▸ DATA FOR PROCESSING

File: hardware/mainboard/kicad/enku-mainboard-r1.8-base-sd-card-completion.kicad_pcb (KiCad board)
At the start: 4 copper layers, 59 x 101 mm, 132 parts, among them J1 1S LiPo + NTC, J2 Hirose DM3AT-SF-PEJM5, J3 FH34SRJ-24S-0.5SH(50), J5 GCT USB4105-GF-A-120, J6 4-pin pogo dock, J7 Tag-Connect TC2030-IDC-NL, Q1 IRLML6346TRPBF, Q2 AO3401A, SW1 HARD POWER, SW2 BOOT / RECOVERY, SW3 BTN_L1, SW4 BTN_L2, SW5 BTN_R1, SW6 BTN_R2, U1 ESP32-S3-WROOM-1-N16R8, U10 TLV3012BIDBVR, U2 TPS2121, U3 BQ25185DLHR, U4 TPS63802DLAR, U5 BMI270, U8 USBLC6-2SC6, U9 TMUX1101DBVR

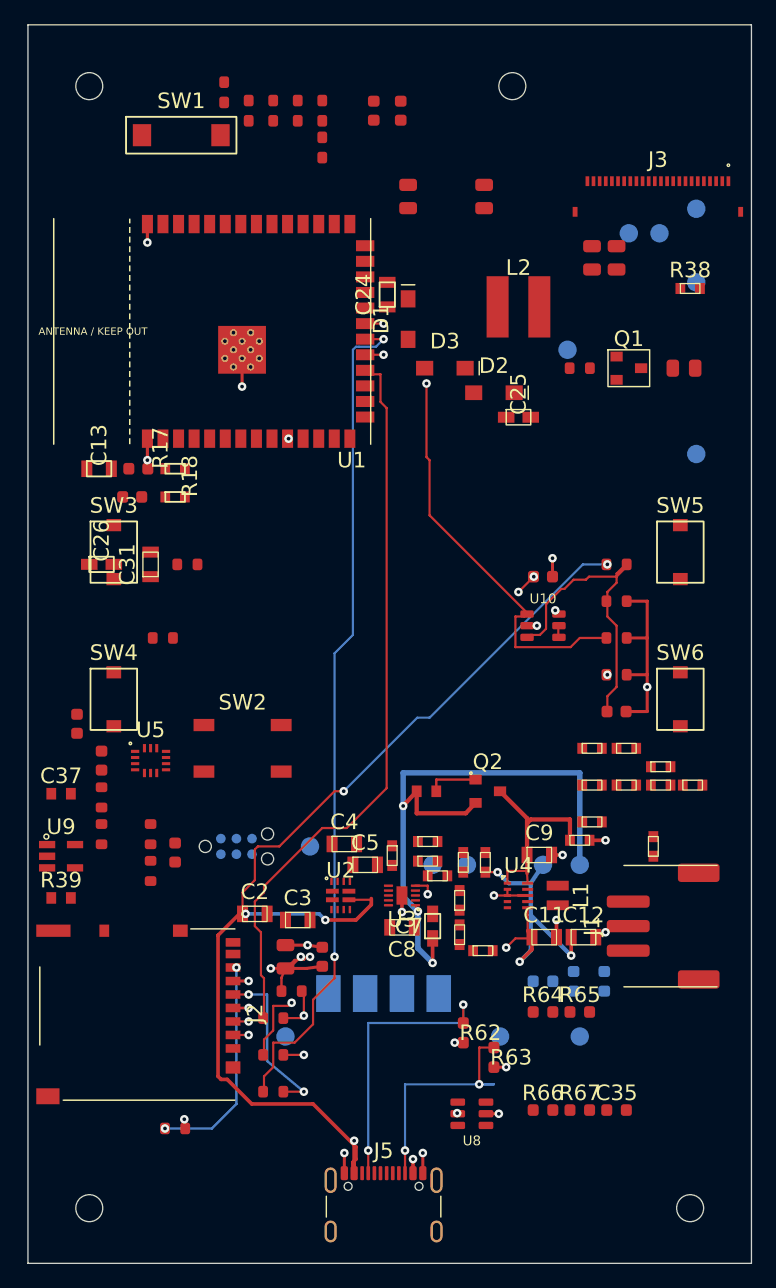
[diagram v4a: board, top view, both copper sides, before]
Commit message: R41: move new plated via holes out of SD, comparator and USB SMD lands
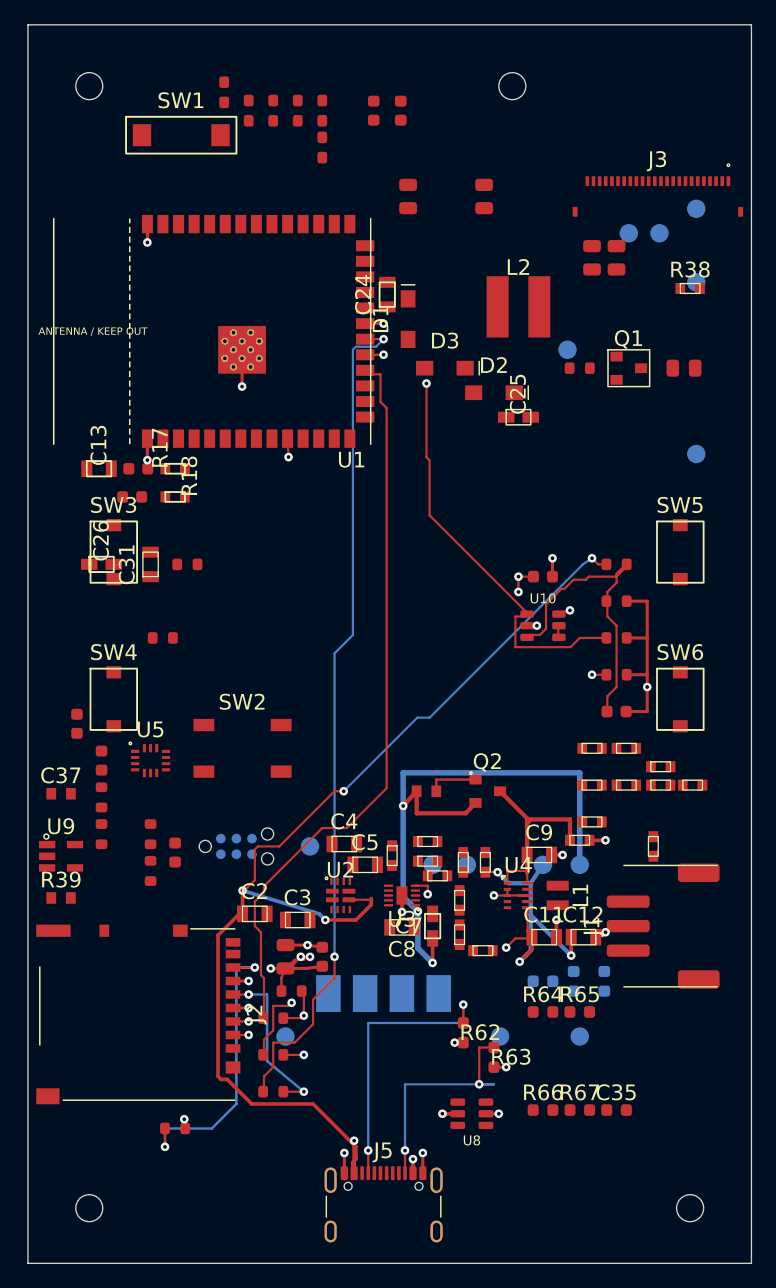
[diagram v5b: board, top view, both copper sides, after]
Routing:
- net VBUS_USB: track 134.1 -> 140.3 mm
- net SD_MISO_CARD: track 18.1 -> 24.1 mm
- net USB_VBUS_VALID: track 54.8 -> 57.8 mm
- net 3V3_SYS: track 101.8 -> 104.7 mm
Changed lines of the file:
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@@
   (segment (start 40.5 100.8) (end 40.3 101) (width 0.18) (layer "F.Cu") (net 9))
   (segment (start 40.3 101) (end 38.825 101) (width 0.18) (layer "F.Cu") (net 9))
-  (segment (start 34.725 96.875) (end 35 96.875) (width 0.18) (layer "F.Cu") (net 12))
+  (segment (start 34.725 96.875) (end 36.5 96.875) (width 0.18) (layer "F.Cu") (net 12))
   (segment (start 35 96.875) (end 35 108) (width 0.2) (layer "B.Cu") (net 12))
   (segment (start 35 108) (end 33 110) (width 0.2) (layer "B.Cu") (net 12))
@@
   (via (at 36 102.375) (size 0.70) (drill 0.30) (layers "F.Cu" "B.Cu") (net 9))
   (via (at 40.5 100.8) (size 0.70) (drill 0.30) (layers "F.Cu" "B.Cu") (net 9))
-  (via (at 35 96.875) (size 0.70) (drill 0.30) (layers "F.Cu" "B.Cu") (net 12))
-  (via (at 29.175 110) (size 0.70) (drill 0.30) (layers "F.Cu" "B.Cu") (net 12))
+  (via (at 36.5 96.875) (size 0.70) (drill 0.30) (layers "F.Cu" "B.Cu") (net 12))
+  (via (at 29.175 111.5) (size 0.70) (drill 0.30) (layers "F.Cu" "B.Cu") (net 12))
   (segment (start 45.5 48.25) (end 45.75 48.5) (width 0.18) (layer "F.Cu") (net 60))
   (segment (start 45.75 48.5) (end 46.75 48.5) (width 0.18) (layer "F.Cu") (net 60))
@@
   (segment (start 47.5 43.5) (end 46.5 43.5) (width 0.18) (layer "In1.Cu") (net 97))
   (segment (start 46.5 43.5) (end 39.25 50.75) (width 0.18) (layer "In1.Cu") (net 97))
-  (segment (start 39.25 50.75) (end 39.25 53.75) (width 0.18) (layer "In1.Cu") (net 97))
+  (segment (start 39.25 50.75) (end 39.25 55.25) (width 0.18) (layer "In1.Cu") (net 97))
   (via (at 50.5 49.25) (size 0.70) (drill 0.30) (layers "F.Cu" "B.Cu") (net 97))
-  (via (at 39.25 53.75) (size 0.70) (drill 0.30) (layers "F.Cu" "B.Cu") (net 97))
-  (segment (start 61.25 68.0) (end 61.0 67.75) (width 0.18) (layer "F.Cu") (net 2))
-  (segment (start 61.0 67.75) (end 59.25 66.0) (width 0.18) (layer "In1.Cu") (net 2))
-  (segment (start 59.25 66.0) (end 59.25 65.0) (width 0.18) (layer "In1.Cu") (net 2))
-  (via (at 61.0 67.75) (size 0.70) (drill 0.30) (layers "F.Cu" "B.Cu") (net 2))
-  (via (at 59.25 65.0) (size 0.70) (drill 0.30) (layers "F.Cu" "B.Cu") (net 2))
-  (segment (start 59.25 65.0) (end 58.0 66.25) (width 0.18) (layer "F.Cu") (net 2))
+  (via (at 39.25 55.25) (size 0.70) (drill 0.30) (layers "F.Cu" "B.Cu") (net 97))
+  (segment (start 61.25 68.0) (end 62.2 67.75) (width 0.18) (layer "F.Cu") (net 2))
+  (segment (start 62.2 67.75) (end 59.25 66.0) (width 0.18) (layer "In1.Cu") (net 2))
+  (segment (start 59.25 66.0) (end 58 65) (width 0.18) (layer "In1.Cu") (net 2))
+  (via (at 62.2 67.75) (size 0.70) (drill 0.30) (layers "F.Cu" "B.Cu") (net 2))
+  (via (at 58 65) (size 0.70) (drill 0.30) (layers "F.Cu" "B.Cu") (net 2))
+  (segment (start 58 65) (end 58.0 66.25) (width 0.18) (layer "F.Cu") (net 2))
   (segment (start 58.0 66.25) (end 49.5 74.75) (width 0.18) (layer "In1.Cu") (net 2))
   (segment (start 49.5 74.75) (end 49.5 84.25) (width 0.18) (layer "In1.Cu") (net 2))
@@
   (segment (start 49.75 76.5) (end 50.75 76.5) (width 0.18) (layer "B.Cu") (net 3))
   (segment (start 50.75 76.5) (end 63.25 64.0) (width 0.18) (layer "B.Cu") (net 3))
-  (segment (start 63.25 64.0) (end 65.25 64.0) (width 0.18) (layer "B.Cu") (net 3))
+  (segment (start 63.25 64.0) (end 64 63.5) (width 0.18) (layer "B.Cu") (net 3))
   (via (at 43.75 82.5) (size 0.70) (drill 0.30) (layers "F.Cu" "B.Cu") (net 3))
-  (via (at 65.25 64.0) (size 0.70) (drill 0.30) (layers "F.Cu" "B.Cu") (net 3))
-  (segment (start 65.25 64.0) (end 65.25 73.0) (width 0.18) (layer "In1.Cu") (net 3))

▸ ASSIGNMENT
Could you retype all the entries above exactly, without the pictures?

▸ PROBLEM SOLUTION
File: hardware/mainboard/kicad/enku-mainboard-r1.8-base-sd-card-completion.kicad_pcb (KiCad board)
At the start: 4 copper layers, 59 x 101 mm, 132 parts, among them J1 1S LiPo + NTC, J2 Hirose DM3AT-SF-PEJM5, J3 FH34SRJ-24S-0.5SH(50), J5 GCT USB4105-GF-A-120, J6 4-pin pogo dock, J7 Tag-Connect TC2030-IDC-NL, Q1 IRLML6346TRPBF, Q2 AO3401A, SW1 HARD POWER, SW2 BOOT / RECOVERY, SW3 BTN_L1, SW4 BTN_L2, SW5 BTN_R1, SW6 BTN_R2, U1 ESP32-S3-WROOM-1-N16R8, U10 TLV3012BIDBVR, U2 TPS2121, U3 BQ25185DLHR, U4 TPS63802DLAR, U5 BMI270, U8 USBLC6-2SC6, U9 TMUX1101DBVR

[diagram v4a: board, top view, both copper sides, before]
Commit message: R41: move new plated via holes out of SD, comparator and USB SMD lands
[diagram v5b: board, top view, both copper sides, after]
Routing:
- net VBUS_USB: track 134.1 -> 140.3 mm
- net SD_MISO_CARD: track 18.1 -> 24.1 mm
- net USB_VBUS_VALID: track 54.8 -> 57.8 mm
- net 3V3_SYS: track 101.8 -> 104.7 mm
Changed lines of the file:
@@
   (segment (start 40.5 100.8) (end 40.3 101) (width 0.18) (layer "F.Cu") (net 9))
   (segment (start 40.3 101) (end 38.825 101) (width 0.18) (layer "F.Cu") (net 9))
-  (segment (start 34.725 96.875) (end 35 96.875) (width 0.18) (layer "F.Cu") (net 12))
+  (segment (start 34.725 96.875) (end 36.5 96.875) (width 0.18) (layer "F.Cu") (net 12))
   (segment (start 35 96.875) (end 35 108) (width 0.2) (layer "B.Cu") (net 12))
   (segment (start 35 108) (end 33 110) (width 0.2) (layer "B.Cu") (net 12))
@@
   (via (at 36 102.375) (size 0.70) (drill 0.30) (layers "F.Cu" "B.Cu") (net 9))
   (via (at 40.5 100.8) (size 0.70) (drill 0.30) (layers "F.Cu" "B.Cu") (net 9))
-  (via (at 35 96.875) (size 0.70) (drill 0.30) (layers "F.Cu" "B.Cu") (net 12))
-  (via (at 29.175 110) (size 0.70) (drill 0.30) (layers "F.Cu" "B.Cu") (net 12))
+  (via (at 36.5 96.875) (size 0.70) (drill 0.30) (layers "F.Cu" "B.Cu") (net 12))
+  (via (at 29.175 111.5) (size 0.70) (drill 0.30) (layers "F.Cu" "B.Cu") (net 12))
   (segment (start 45.5 48.25) (end 45.75 48.5) (width 0.18) (layer "F.Cu") (net 60))
   (segment (start 45.75 48.5) (end 46.75 48.5) (width 0.18) (layer "F.Cu") (net 60))
@@
   (segment (start 47.5 43.5) (end 46.5 43.5) (width 0.18) (layer "In1.Cu") (net 97))
   (segment (start 46.5 43.5) (end 39.25 50.75) (width 0.18) (layer "In1.Cu") (net 97))
-  (segment (start 39.25 50.75) (end 39.25 53.75) (width 0.18) (layer "In1.Cu") (net 97))
+  (segment (start 39.25 50.75) (end 39.25 55.25) (width 0.18) (layer "In1.Cu") (net 97))
   (via (at 50.5 49.25) (size 0.70) (drill 0.30) (layers "F.Cu" "B.Cu") (net 97))
-  (via (at 39.25 53.75) (size 0.70) (drill 0.30) (layers "F.Cu" "B.Cu") (net 97))
-  (segment (start 61.25 68.0) (end 61.0 67.75) (width 0.18) (layer "F.Cu") (net 2))
-  (segment (start 61.0 67.75) (end 59.25 66.0) (width 0.18) (layer "In1.Cu") (net 2))
-  (segment (start 59.25 66.0) (end 59.25 65.0) (width 0.18) (layer "In1.Cu") (net 2))
-  (via (at 61.0 67.75) (size 0.70) (drill 0.30) (layers "F.Cu" "B.Cu") (net 2))
-  (via (at 59.25 65.0) (size 0.70) (drill 0.30) (layers "F.Cu" "B.Cu") (net 2))
-  (segment (start 59.25 65.0) (end 58.0 66.25) (width 0.18) (layer "F.Cu") (net 2))
+  (via (at 39.25 55.25) (size 0.70) (drill 0.30) (layers "F.Cu" "B.Cu") (net 97))
+  (segment (start 61.25 68.0) (end 62.2 67.75) (width 0.18) (layer "F.Cu") (net 2))
+  (segment (start 62.2 67.75) (end 59.25 66.0) (width 0.18) (layer "In1.Cu") (net 2))
+  (segment (start 59.25 66.0) (end 58 65) (width 0.18) (layer "In1.Cu") (net 2))
+  (via (at 62.2 67.75) (size 0.70) (drill 0.30) (layers "F.Cu" "B.Cu") (net 2))
+  (via (at 58 65) (size 0.70) (drill 0.30) (layers "F.Cu" "B.Cu") (net 2))
+  (segment (start 58 65) (end 58.0 66.25) (width 0.18) (layer "F.Cu") (net 2))
   (segment (start 58.0 66.25) (end 49.5 74.75) (width 0.18) (layer "In1.Cu") (net 2))
   (segment (start 49.5 74.75) (end 49.5 84.25) (width 0.18) (layer "In1.Cu") (net 2))
@@
   (segment (start 49.75 76.5) (end 50.75 76.5) (width 0.18) (layer "B.Cu") (net 3))
   (segment (start 50.75 76.5) (end 63.25 64.0) (width 0.18) (layer "B.Cu") (net 3))
-  (segment (start 63.25 64.0) (end 65.25 64.0) (width 0.18) (layer "B.Cu") (net 3))
+  (segment (start 63.25 64.0) (end 64 63.5) (width 0.18) (layer "B.Cu") (net 3))
   (via (at 43.75 82.5) (size 0.70) (drill 0.30) (layers "F.Cu" "B.Cu") (net 3))
-  (via (at 65.25 64.0) (size 0.70) (drill 0.30) (layers "F.Cu" "B.Cu") (net 3))
-  (segment (start 65.25 64.0) (end 65.25 73.0) (width 0.18) (layer "In1.Cu") (net 3))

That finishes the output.